Requerimos de la filosofía, obligadamente, para entender el rol contemporáneo del Yo y la Circunstancia  (Ortega y Gasset dixit) a nivel individual, colectivo y nacional.

Entre sus múltiples rostros, en el México que dio el poder presidencial a Andrés Manuel López Obrador asoman los siguientes:

  1. Es un México sin una democracia madura que –oh paradoja- en la actitud poco democrática del Presidente electo vive un avance democrático.

¿Hasta dónde avanzará esta circunstancia democrática o hasta dónde retrocederá? No lo sabemos. Pero el triunfo masivo sin precedentes ocurrido el 1ro de julio del 2018 es democrático se acepte o no de parte de los derrotados.

Por otra parte, podemos pensar –ontológicamente- que la no aceptación de la derrota electoral contribuye a la reafirmación democrática porque de otro modo, si todos aceptáramos el triunfo aunque nos sea propio o ajeno, existiría la uniformidad, lo cual no coincide con el sentido lógico de la democracia que es, por definición, contradictoria, múltiple…

He aquí un pensamiento más profundo sobre México que es aplicable a Veracruz.

He aquí la búsqueda de una justificación para pensar filosóficamente en lo que es nuestro país y nuestra entidad en este momento y al mismo tiempo en otro momento: su pasado y en otro más: su futuro.

Aquí hay un concepto más que debe atenderse: no hay derrotados ni victoriosos porque un país tan sumido en sus contradicciones históricas no lo permite más.

Si en los próximos seis años hay un avance democrático real todos ganamos, de no haberlo todos perdemos pero también -por necesidad- una parte ganamos y una parte perdemos porque el todo no es nada sin la parte y la parte nunca puede por sí misma formar un todo.

No hay medias tintas porque MORENA, la fuerza masiva de AMLO, no representa una coyuntura ideológica particular sino –insisto en el concepto- una torre de Babel.

Ayer, en el Congreso de Veracruz se vivió un ejercicio político de esa torre de Babel.

No se pudo definir el acuerdo para que el fiscal Jorge Winckler sea sometido a dos juicios políticos –del Legislativo el tema debe pasar al poder Judicial- porque no hubo los votos suficientes para ello: 34 de un total de 50 posibles.

MORENA cuenta con 26 votos pero ni éstos están unidos.

Los 8 votos que requiere sumar con aliados de otros partidos o fuerzas políticas no están garantizados.

Aquí se habla de un divisionismo de MORENA, la fuerza que llevó a López Obrador al poder presidencial y a Cuitláhuac García Jiménez al poder estatal.

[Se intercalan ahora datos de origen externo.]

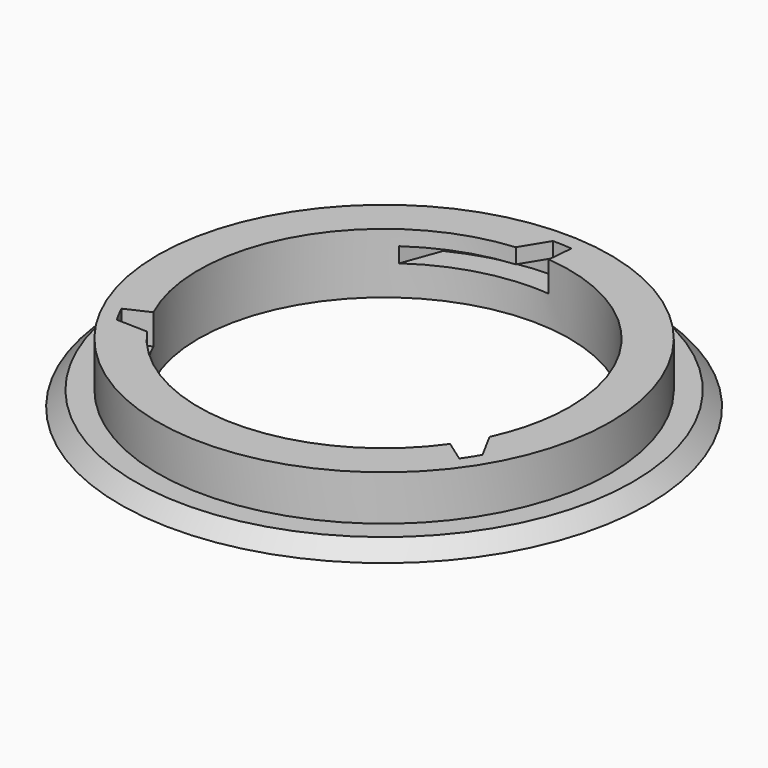
from build123d import *

# Parameters (mm, degrees)
F0_R     = 44.45
F0_R_2   = 31.242
F1_DEPTH = 2.54
F2_R     = 38.1
F2_R_2   = 31.242
F3_DEPTH = 5.08
F5_DEPTH = 2.54
F6_R     = 38.1
F6_R_2   = 31.242
F7_DEPTH = 2.54
F9_DEPTH = 2.54
F10_SIZE = 2.53999


# Not quite as in the source:
# - a fillet or chamfer is up to 0.001 mm smaller than in the source, because OpenCascade refuses the exact size


with BuildPart() as f1:
    # F0 (on Top) → F1 (new body)
    with BuildSketch(Plane.XY):
        Circle(F0_R)
        Circle(F0_R_2, mode=Mode.SUBTRACT)
    extrude(amount=F1_DEPTH)

    # F2 (on face) → F3 (join)
    with BuildSketch(Plane.XY.offset(2.54)):
        Circle(F2_R)
        Circle(F2_R_2, mode=Mode.SUBTRACT)
    extrude(amount=F3_DEPTH)

    # F4 (on face) → F5 (cut)
    with BuildSketch(Plane.XY.offset(7.62)):
        with BuildLine():
            ThreePointArc((-25.5919481677, -17.9196750245), (-27.0835882302, -15.5737539654), (-28.3607839843, -13.1045219598))
            Line((-28.3607839843, -13.1045219598), (-32.2805671366, -14.9157160518))
            ThreePointArc((-32.2805671366, -14.9157160518), (-31.5707150955, -16.3647043469), (-30.7958633586, -17.78))
            ThreePointArc((-30.7958633586, -17.78), (-26.0009342584, -24.2582979142), (-19.8703037457, -29.4904158847))
            Line((-19.8703037457, -29.4904158847), (-13.2034397333, -28.3148678826))
            ThreePointArc((-13.2034397333, -28.3148678826), (-20.0819705018, -23.9327604919), (-25.5919481677, -17.9196750245))
        make_face()
        with BuildLine():
            ThreePointArc((-17.9196750245, 25.5919481677), (-10.6853933178, 29.3578768586), (-2.7229197149, 31.1231147578))
            ThreePointArc((-2.7229197149, 31.1231147578), (0.0545275488, 31.2419524157), (2.8315430705, 31.1134203816))
            Line((2.8315430705, 31.1134203816), (3.2228945518, 35.4136492148))
            ThreePointArc((3.2228945518, 35.4136492148), (1.6131078579, 35.5233934618), (0, 35.56))
            ThreePointArc((0, 35.56), (-8.007835117, 34.646618547), (-15.6042974515, 31.9533957671))
            Line((-15.6042974515, 31.9533957671), (-17.9196750245, 25.5919481677))
        make_face()
        with BuildLine():
            Line((35.4746011972, -2.4629798824), (31.1231147578, 2.7229197149))
            ThreePointArc((31.1231147578, 2.7229197149), (31.2122645387, 1.3627569001), (31.242, 0))
            ThreePointArc((31.242, 0), (29.7795828432, -9.4466401268), (25.5292409138, -18.0088984218))
            Line((25.5292409138, -18.0088984218), (29.0576725848, -20.497933163))
            ThreePointArc((29.0576725848, -20.497933163), (29.9576072376, -19.1586891148), (30.7958633586, -17.78))
            ThreePointArc((30.7958633586, -17.78), (34.0087693754, -10.3883206328), (35.4746011972, -2.4629798824))
        make_face()
    extrude(amount=-F5_DEPTH, mode=Mode.SUBTRACT)

    # F6 (on face) → F7 (join)
    with BuildSketch(Plane.XY.offset(7.62)):
        Circle(F6_R)
        Circle(F6_R_2, mode=Mode.SUBTRACT)
    extrude(amount=F7_DEPTH)

    # F8 (on face) → F9 (cut)
    with BuildSketch(Plane.XY.offset(10.16)):
        with BuildLine():
            ThreePointArc((-25.5919481677, -17.9196750245), (-27.0835882302, -15.5737539654), (-28.3607839843, -13.1045219598))
            Line((-28.3607839843, -13.1045219598), (-32.2805671366, -14.9157160518))
            ThreePointArc((-32.2805671366, -14.9157160518), (-31.5707150955, -16.3647043469), (-30.7958633586, -17.78))
            Line((-30.7958633586, -17.78), (-25.5919481677, -17.9196750245))
        make_face()
        with BuildLine():
            ThreePointArc((28.3148678826, -13.2034397333), (27.0290606814, -15.6681984503), (25.5292409138, -18.0088984218))
            Line((25.5292409138, -18.0088984218), (29.0576725848, -20.497933163))
            ThreePointArc((29.0576725848, -20.497933163), (29.9576072376, -19.1586891148), (30.7958633586, -17.78))
            Line((30.7958633586, -17.78), (28.3148678826, -13.2034397333))
        make_face()
        with BuildLine():
            Line((0, 35.56), (-2.7229197149, 31.1231147578))
            ThreePointArc((-2.7229197149, 31.1231147578), (0.0545275488, 31.2419524157), (2.8315430705, 31.1134203816))
            Line((2.8315430705, 31.1134203816), (3.2228945518, 35.4136492148))
            ThreePointArc((3.2228945518, 35.4136492148), (1.6131078579, 35.5233934618), (0, 35.56))
        make_face()
    extrude(amount=-F9_DEPTH, mode=Mode.SUBTRACT)

    # F10 (size 2.54 in the source; OpenCascade refuses exactly that, so slightly less here)
    f10_edges = [f1.edges().sort_by_distance(p)[0] for p in [
        (-44.45, 0, 2.54),
    ]]
    chamfer(f10_edges, length=F10_SIZE)


solid = f1.part

Sin embargo esa fuerza nunca estuvo unida y por tanto no puede dividirse.

He aquí un ejemplo de lo que Aristóteles llamó: ACCIDENTE, QUE SON NUEVE Y CON LA SUSTANCIA FORMAN LAS DIEZ CATEGORIAS O GENEROS SUPREMOS DEL SER.

Para el filósofo griego ACCIDENTE es: LO QUE NO ES EN SI SINO EN OTRO…

En términos sencillos pensamos –con razón- que el caso Winckler no se concluyó ayer porque los votos necesarios implican acuerdos que no se han logrado y dinero o pagos políticos que conducen a esos acuerdos.

Empero, es necesario ver más allá, observar las cosas con mayor profundidad.

Lo de Winckler es un tema perdido para MORENA porque de haberse aprobado los juicios políticos ayer o aprobarse hoy el suyo sería un triunfo pírrico: es decir hay una condena a perder ganando.

Ello porque el futuro de Winckler se pondría en manos del Poder Judicial de la entidad, donde MORENA tampoco tiene garantías respecto a obtener el control de la Fiscalía que es su objetivo.

Más aún: de atravesar la frontera del Poder Ejecutivo estatal el asunto podría irse al Poder Judicial Federal, dada la defensa que Winckler realiza, con base en la ley, de sus derechos individuales.

En la sesión del jueves 7 de febrero del 2019, el Congreso veracruzano tampoco logró eliminar la búsqueda de los juicios políticos contra Jorge Winckler, de tal modo que esa puerta seguirá abierta hasta hoy, viernes 8 de febrero del 2019.

Nadie ganó y nadie perdió o otros ganaron y todos perdieron, o unos ganaron mientras perdían y otros perdían mientras ganaban.

Lo anterior se sustenta en que nuestro poder Legislativo está encerrado en su propio laberinto y las fuerzas políticas detrás suyo forman parte del mismo.

Vaya, un tema de control y estricto manejo político se ha convertido en un galimatías jurídico…

Donde MORENA en Veracruz no corre el riesgo de perder esta batalla porque hace tiempo perdió la guerra llamada Jorge Winckler/Miguel Angel Yunes…

En particular desde que la inició en forma equivocada.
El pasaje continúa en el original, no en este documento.